But what was he doing? He had the key. The librarian had allowed him to be here. He could face Lord Crissand’s guards and tell them—tell them he had come down to borrow a book.

And say what, about the plaster?

The footsteps reached the door. He heard muffled voices, and his heartbeat thumped in his ears, so that he hadn’t good sense. The latch moved.

And stopped, against the lock.

“We better get the captain,” someone said outside.

And the footsteps went away.

He had been a complete fool. He had dug this thing out, and now there was no concealing it, no time to hide his work, or the white plaster tracked across the floor. He wanted only to get this thing away and hide it until Lord Tristen arrived, or, failing that, he wanted to think it through before he confessed to Duke Crissand.

And things could go wrong. His mother could make things go wrong. He felt her attention, and her anger on him, burning and furious, and seeking some way to set everything on end and get her hands on what he had. She might have gotten him here—with the guards out and about on a search he might even get to her stairs. She could arrange that.

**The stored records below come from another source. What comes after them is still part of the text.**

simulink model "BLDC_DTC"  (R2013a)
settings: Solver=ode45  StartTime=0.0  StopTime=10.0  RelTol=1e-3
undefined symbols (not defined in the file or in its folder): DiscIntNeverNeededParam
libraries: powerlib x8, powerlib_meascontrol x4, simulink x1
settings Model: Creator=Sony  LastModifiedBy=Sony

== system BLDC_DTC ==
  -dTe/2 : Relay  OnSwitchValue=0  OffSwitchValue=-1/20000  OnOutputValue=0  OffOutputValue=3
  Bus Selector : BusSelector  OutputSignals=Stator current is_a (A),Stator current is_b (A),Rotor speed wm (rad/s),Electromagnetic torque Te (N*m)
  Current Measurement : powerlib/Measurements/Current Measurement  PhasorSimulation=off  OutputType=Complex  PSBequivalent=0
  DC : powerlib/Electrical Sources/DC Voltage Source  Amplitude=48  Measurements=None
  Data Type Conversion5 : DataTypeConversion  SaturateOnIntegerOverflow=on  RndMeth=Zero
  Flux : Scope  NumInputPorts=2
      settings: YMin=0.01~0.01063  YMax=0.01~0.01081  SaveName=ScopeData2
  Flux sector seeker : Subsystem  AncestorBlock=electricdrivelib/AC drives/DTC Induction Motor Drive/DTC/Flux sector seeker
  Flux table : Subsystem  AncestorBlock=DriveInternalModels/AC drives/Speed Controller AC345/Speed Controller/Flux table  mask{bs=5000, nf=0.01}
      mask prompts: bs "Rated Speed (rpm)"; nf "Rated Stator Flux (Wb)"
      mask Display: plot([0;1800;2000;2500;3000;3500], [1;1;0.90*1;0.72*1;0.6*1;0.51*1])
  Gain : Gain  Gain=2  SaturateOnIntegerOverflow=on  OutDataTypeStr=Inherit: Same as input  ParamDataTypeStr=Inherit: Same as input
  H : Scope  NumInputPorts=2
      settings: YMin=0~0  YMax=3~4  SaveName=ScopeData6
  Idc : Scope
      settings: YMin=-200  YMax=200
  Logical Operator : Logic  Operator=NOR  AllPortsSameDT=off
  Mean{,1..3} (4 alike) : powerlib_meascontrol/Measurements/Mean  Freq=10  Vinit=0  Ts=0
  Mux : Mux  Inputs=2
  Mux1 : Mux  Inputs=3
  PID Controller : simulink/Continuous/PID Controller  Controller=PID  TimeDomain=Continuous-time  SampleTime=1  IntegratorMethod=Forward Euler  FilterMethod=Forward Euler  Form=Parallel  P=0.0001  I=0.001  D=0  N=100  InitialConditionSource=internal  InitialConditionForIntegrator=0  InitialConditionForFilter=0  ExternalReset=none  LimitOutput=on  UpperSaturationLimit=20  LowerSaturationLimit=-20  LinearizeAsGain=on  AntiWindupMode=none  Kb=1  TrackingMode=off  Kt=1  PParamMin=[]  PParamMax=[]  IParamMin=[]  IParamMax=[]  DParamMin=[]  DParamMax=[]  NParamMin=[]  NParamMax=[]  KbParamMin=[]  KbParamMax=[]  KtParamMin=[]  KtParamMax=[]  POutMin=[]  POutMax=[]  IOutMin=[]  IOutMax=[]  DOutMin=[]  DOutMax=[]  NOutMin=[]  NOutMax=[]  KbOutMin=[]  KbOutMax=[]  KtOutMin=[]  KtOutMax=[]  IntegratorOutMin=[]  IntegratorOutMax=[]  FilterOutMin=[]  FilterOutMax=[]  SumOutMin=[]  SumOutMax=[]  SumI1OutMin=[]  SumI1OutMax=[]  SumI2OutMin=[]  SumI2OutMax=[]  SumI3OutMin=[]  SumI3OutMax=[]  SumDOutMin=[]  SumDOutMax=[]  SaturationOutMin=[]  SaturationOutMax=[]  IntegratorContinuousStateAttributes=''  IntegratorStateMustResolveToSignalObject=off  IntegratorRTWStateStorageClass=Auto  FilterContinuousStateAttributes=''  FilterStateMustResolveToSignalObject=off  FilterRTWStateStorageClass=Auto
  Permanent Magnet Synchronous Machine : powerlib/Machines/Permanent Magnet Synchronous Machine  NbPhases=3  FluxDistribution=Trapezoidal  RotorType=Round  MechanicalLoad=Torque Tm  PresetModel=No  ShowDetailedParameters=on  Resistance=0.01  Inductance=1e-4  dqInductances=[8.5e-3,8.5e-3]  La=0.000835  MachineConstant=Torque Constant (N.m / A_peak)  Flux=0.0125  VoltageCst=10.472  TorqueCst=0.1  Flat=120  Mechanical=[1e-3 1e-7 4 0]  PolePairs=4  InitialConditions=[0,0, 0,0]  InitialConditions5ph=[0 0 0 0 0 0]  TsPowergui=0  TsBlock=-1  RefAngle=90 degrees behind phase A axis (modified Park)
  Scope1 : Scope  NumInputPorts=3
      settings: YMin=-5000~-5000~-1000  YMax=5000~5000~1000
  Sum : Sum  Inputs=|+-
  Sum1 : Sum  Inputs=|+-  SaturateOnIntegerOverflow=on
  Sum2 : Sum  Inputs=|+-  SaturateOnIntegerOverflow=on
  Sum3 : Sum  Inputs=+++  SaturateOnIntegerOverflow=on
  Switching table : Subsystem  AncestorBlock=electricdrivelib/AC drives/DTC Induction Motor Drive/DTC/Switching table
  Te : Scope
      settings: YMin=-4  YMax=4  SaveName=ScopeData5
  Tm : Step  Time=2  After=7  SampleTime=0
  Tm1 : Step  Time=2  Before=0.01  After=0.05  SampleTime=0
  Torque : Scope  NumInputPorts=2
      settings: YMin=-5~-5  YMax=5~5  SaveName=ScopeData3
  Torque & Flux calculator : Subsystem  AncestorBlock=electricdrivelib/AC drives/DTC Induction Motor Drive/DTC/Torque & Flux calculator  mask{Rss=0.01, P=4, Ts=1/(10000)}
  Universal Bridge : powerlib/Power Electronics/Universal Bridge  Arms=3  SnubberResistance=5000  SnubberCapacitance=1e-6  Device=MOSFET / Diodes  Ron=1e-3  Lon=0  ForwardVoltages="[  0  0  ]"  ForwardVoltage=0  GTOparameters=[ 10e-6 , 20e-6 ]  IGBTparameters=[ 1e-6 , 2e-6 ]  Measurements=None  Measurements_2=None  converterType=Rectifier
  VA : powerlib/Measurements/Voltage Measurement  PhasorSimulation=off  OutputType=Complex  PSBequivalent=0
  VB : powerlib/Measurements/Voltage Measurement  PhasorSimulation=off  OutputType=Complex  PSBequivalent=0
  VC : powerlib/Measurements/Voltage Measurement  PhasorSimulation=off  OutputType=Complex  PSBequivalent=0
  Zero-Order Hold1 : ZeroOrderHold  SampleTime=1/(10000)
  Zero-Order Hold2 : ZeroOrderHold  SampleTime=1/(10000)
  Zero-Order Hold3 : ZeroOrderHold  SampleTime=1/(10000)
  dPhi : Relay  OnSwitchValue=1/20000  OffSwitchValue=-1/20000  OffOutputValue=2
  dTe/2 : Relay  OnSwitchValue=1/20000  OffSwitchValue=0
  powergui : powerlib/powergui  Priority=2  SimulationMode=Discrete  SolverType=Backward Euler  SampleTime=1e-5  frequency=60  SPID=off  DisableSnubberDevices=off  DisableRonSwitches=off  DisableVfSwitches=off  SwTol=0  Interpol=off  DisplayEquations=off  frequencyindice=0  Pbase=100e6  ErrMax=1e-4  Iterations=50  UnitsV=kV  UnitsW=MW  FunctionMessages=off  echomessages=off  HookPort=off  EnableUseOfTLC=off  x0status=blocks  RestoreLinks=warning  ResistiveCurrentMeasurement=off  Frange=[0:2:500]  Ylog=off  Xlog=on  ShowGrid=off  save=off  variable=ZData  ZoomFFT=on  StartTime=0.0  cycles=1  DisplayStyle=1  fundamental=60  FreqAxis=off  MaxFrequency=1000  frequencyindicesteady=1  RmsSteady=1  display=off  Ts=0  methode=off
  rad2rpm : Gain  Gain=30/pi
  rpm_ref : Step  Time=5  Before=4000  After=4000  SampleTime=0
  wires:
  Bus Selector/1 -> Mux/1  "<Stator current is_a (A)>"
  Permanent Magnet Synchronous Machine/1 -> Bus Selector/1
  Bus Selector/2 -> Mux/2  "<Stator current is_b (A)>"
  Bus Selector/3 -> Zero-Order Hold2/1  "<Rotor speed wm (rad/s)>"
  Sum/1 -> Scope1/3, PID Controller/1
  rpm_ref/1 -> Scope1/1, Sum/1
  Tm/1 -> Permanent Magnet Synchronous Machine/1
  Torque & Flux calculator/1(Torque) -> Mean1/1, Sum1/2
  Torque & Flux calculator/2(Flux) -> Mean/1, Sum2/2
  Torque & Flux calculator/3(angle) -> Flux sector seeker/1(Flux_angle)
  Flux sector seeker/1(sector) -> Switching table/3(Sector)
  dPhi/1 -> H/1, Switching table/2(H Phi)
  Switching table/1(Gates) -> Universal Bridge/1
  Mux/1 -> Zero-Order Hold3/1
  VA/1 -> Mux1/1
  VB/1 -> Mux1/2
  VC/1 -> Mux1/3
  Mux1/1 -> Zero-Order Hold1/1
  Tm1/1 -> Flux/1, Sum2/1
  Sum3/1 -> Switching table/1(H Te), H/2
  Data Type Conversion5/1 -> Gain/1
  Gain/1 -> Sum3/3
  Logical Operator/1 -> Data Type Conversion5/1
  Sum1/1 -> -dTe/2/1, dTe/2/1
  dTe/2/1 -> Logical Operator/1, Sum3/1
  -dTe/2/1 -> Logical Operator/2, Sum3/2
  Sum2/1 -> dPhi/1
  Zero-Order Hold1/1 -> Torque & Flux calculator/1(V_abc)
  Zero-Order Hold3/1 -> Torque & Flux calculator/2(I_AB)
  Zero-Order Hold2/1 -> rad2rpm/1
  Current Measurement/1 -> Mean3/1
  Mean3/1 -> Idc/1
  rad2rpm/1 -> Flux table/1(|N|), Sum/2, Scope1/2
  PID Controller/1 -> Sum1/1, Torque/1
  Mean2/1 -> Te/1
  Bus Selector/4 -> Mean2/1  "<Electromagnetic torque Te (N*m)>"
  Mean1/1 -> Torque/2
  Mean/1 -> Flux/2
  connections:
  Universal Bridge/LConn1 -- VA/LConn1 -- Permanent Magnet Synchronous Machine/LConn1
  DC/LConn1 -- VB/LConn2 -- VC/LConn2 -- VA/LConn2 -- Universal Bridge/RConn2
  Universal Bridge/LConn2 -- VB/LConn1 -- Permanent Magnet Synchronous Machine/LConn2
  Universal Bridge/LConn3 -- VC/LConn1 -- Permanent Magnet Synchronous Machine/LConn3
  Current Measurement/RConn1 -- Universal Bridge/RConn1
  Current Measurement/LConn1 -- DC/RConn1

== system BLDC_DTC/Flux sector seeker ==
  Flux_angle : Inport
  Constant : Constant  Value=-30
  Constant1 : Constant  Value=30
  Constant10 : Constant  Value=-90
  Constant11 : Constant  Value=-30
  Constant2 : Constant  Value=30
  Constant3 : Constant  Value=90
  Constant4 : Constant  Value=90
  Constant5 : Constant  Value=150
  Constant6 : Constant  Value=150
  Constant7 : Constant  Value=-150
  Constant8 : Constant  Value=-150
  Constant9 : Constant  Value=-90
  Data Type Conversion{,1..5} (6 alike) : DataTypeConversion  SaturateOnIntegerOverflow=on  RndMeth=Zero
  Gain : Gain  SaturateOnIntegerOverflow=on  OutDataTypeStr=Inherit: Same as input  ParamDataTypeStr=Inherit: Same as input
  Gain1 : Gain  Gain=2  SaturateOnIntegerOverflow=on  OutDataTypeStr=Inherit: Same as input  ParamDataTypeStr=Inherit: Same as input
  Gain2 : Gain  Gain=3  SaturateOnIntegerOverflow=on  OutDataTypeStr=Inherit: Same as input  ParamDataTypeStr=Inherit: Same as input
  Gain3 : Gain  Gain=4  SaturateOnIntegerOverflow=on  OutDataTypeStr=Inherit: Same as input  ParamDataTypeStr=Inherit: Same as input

But she could not make him bring it to her. No.

The footsteps were gone. She could make them turn back. She’d already reached out of the wards to harm Gran, and he might be the only soul in the Zeide keep aware enough to defy her…

He unlocked the door, ducked out into the dim hallway, and had the presence of mind to lock it back to delay pursuit. His heart pounded against his ribs. At any moment the guards could come back, and lies and misdirection were his only cover if they did catch him. With a trembling hand he extracted the key from the grip of the lock, then turned and ran down the hall, up the dark servants’ stairs, breathless. His mother wanted him, wanted the book, all the while his mother knew exactly where he was—knew, and directed things awry.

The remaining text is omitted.